Por Gonzalo Torrens / Miércoles 28 de noviembre de 2018
Fachada actual de Cinemateca 18

Gonzalo Torrens vive el cine con la intensidad con que deben vivirse las cosas que nos apasionan. En plena mudanza de las salas clásicas de Cinemateca a un futuro que augura comodidad y tecnología, Gonzalo nos invita a adentrarnos en las butacas y la oscuridad de antaño, y asistir así a la proyección de esta transformación.

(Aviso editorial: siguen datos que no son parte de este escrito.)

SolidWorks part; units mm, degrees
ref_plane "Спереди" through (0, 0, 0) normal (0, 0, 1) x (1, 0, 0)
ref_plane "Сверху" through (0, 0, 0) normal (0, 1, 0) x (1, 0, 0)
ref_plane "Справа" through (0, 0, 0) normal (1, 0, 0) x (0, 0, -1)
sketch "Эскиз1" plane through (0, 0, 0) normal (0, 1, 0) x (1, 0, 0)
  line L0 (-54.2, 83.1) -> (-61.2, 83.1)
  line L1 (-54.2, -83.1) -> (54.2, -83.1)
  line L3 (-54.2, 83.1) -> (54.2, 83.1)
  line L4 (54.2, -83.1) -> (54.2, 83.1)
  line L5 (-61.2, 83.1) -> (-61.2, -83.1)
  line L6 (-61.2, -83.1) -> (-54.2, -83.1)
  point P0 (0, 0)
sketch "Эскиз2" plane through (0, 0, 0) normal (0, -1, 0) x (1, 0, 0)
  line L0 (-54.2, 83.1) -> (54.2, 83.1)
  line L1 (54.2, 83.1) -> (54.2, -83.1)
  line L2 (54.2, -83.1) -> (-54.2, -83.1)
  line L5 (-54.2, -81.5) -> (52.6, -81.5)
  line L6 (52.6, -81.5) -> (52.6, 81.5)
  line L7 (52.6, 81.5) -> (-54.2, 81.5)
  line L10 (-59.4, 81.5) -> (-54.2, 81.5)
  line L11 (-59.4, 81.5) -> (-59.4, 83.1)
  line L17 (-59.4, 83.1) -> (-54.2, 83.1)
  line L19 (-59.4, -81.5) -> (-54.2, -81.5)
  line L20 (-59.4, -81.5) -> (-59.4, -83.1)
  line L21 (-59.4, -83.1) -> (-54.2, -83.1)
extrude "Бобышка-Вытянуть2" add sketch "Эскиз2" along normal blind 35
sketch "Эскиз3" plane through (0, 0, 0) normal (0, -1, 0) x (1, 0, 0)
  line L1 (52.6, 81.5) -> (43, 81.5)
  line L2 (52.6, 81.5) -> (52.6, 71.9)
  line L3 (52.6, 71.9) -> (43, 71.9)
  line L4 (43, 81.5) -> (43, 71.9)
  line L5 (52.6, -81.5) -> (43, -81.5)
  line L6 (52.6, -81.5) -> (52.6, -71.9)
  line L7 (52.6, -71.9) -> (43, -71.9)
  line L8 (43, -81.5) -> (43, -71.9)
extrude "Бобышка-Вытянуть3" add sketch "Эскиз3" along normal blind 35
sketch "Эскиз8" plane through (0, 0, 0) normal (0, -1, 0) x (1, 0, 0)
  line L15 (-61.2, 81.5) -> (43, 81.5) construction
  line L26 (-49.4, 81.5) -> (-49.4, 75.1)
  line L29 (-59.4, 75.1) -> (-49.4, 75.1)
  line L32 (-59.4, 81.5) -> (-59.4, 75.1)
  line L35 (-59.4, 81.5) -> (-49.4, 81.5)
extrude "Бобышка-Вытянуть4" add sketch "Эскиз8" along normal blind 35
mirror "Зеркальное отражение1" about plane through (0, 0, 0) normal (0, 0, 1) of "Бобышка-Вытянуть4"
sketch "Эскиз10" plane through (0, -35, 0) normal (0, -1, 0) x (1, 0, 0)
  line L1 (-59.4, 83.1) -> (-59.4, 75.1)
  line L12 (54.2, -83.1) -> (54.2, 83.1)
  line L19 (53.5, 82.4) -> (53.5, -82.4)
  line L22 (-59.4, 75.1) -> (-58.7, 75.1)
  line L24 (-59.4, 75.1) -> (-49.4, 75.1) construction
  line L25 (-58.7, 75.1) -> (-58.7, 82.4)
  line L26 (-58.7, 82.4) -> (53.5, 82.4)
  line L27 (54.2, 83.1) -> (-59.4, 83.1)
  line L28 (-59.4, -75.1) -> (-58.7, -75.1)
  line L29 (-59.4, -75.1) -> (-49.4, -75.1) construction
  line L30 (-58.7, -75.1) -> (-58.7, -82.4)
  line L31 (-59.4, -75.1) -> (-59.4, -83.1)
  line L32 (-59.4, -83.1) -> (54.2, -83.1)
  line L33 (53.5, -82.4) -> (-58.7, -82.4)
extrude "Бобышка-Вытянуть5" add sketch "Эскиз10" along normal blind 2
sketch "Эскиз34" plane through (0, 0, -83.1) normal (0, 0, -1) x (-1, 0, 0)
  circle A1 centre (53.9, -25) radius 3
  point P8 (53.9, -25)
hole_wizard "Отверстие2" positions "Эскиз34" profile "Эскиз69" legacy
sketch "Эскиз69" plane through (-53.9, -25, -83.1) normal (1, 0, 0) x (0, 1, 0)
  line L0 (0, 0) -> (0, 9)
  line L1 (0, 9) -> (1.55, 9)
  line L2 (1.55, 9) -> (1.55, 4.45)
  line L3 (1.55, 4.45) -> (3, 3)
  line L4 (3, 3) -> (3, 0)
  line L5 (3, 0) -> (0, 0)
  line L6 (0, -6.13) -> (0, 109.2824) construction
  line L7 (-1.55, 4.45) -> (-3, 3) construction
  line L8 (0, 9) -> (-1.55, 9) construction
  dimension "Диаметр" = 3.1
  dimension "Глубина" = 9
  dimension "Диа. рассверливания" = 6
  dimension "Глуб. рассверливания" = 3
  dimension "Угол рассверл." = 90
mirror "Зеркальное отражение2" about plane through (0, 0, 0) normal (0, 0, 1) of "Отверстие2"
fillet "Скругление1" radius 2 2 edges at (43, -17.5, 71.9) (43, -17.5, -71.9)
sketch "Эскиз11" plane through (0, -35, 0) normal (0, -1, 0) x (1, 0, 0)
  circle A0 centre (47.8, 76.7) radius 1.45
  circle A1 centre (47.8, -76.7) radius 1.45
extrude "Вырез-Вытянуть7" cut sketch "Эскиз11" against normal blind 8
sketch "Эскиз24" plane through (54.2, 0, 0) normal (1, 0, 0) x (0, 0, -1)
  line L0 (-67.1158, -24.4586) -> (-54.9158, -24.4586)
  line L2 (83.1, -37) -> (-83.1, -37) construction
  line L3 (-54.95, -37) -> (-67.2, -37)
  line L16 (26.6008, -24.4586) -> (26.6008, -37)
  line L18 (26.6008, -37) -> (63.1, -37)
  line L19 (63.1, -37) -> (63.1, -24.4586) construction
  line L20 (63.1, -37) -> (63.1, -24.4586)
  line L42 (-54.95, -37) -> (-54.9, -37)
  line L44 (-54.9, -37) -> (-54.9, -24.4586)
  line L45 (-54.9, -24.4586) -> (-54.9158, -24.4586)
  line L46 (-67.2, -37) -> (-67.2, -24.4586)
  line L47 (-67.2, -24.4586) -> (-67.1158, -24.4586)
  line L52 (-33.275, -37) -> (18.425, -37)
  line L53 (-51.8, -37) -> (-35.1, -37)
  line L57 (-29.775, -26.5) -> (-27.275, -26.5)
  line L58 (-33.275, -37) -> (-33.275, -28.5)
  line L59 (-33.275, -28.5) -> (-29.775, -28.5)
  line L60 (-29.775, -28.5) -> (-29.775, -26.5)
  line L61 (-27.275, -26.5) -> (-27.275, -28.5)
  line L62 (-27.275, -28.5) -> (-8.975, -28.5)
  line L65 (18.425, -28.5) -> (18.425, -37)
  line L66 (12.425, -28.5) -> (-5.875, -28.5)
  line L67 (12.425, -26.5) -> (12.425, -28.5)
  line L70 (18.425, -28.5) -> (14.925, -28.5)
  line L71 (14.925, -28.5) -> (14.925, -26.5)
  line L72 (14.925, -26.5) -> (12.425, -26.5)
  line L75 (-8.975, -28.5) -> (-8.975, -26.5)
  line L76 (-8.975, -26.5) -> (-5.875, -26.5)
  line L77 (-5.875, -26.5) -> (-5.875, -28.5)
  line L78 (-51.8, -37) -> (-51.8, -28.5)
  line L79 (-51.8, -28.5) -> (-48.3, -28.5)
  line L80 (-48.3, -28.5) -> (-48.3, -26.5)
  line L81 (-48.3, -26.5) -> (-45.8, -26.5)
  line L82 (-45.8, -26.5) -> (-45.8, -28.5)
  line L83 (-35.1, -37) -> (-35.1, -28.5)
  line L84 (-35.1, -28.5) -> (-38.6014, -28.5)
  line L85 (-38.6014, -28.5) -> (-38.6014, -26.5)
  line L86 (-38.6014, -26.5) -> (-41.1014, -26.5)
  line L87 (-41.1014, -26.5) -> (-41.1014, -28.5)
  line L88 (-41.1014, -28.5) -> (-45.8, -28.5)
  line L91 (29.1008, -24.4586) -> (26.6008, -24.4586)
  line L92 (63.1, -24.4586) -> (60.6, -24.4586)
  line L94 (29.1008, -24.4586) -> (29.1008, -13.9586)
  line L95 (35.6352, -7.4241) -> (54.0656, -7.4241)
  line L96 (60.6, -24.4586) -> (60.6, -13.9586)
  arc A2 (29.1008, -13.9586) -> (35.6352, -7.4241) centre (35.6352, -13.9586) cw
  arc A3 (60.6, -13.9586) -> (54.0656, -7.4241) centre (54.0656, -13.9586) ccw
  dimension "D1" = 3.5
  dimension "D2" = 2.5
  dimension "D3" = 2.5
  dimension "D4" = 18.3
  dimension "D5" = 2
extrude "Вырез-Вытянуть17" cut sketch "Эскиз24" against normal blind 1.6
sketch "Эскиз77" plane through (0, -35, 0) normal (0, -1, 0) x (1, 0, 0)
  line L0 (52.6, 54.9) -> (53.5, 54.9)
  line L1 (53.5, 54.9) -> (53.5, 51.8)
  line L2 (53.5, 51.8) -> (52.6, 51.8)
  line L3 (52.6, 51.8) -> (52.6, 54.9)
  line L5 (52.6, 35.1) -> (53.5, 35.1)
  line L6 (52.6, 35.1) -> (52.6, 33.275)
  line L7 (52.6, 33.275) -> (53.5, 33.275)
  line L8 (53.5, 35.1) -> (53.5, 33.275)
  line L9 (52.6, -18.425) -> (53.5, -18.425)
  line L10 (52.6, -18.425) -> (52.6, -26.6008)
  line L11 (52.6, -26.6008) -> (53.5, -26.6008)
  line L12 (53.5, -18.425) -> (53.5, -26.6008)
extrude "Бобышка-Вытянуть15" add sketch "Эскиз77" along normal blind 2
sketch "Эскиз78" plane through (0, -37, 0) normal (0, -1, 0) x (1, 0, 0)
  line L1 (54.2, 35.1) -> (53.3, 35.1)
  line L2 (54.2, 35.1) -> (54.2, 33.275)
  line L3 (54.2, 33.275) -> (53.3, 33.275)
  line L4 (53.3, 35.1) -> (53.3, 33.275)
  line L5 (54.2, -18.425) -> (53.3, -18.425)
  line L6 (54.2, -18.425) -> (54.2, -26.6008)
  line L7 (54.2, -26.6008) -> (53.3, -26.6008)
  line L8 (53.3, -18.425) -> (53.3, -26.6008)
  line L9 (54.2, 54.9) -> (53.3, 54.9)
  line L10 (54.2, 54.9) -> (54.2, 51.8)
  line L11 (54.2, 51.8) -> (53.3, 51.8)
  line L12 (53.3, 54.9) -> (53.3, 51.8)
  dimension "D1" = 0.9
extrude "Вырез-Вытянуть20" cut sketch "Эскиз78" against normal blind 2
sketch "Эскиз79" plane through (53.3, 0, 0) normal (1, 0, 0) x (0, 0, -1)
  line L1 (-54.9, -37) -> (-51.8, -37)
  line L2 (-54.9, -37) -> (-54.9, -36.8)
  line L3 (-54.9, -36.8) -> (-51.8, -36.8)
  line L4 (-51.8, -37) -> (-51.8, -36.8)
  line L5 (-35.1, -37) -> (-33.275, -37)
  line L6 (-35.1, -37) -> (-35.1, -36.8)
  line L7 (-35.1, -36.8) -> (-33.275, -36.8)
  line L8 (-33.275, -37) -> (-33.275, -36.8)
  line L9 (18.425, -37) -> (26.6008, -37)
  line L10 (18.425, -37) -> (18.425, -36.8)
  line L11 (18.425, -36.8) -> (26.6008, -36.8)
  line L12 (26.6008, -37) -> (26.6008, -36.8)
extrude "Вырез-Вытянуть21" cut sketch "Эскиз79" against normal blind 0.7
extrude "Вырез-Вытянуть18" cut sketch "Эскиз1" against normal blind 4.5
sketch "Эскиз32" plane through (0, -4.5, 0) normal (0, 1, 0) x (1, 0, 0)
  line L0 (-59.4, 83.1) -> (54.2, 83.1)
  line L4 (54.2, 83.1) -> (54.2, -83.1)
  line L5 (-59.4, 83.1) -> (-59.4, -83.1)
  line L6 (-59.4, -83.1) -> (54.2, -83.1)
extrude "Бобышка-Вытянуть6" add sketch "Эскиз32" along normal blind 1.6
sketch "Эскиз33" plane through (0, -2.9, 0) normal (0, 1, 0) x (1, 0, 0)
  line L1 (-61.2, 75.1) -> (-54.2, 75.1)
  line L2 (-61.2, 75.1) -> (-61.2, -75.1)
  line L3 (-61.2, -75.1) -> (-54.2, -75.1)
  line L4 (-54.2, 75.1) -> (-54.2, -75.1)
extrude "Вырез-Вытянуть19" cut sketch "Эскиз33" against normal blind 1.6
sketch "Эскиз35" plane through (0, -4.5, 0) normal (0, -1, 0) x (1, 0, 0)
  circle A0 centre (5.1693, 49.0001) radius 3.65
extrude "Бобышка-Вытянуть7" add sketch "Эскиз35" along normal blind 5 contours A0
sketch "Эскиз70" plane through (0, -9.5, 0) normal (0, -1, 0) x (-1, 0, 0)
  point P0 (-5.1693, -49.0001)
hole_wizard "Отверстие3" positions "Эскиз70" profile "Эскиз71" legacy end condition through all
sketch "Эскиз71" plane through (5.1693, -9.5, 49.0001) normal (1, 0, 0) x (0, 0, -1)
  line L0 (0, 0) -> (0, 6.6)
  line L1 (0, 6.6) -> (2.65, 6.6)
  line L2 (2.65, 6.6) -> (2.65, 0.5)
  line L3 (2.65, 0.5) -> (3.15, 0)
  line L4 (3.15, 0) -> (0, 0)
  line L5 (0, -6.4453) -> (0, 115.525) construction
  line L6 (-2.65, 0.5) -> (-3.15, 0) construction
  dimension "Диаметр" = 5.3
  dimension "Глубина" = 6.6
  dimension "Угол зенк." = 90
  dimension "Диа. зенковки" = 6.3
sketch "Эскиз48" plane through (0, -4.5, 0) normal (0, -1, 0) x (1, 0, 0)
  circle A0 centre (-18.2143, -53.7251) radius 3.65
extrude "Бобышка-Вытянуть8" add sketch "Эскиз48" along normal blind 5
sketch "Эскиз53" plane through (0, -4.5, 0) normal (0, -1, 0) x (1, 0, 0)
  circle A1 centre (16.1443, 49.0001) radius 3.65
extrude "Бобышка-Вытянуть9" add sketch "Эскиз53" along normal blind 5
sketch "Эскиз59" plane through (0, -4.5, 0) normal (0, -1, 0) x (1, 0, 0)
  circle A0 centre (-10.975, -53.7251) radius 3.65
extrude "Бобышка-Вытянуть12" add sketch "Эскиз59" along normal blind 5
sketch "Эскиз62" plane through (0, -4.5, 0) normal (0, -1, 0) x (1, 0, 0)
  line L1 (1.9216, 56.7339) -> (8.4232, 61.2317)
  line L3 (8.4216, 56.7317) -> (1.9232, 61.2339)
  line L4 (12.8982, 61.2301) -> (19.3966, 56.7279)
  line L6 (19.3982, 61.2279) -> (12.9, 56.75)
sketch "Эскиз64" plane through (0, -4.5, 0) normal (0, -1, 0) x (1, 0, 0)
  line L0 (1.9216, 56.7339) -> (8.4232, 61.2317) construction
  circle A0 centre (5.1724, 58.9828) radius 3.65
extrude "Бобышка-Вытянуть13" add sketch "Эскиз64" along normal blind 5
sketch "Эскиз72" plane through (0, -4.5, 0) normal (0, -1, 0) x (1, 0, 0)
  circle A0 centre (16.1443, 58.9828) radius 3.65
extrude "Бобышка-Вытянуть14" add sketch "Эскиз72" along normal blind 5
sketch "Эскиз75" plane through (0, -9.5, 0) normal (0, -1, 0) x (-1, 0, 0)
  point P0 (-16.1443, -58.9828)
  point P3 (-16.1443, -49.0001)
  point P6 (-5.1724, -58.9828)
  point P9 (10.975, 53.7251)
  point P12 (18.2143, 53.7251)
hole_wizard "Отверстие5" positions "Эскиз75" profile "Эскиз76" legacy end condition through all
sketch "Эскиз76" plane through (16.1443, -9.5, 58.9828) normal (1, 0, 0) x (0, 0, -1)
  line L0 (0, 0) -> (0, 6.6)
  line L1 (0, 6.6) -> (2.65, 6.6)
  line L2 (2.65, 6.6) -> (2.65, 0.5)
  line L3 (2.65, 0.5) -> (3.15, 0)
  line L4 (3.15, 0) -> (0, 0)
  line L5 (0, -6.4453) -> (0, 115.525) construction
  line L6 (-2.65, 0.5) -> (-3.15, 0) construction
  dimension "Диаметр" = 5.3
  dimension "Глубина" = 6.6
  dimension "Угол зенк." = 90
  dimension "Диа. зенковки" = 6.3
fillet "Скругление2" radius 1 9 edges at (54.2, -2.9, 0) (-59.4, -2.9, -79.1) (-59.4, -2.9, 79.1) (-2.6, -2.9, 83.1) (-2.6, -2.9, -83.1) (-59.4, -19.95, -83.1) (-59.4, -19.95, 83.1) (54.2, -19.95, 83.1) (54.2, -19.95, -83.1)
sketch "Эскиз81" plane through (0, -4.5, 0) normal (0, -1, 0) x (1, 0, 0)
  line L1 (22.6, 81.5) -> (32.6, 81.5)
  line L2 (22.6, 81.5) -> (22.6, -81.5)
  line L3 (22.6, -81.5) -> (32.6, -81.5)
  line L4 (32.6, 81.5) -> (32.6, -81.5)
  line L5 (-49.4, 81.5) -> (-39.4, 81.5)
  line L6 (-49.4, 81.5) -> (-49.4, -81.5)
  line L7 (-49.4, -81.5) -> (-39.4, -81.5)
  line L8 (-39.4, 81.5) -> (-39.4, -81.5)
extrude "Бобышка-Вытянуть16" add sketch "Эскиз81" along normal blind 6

Entré unos segundos a la sala con mucho cuidado de que el telón de la arcada no filtrase la luz de afuera. Siempre tuve ese cuidado, no hay nada más detestable que luces entrometidas en una sala completamente a oscuras.

En mi horizonte cercano se dibujaban decenas de siluetas a contraluz de la pantalla, y delante de ellas Extraños en el paraíso de Jim Jarmusch, en un blanco y negro lacónico, en comunión con la sala y la negrura de las siluetas allí recortadas.

Entonces pensé en la pantalla y en el silencio.

Ahí, en esa hermosa oscuridad, sería la última vez que se proyectaría una película.

La muerte les llega a todas las cosas. Pensé en mis días de estudiante de Cine, cuando hice mi primer trabajo de fotografía en esa sala y aún estaban las butacas verdes (incómodas como los mil infiernos); en mi labor de proyeccionista durante los cuatro días que dura el Festival Internacional de Escuelas, internado en la cabina de proyección entre bobinas y restos de celuloide; en mis rituales diarios como funcionario de la ECU, escudriñando durante mis ratos libres, detrás de la cortina, para adivinar cuántos espectadores había adentro de la sala, para admirarlos en secreto y recordarme eso mismo que me impulsó a querer dedicarme al cine.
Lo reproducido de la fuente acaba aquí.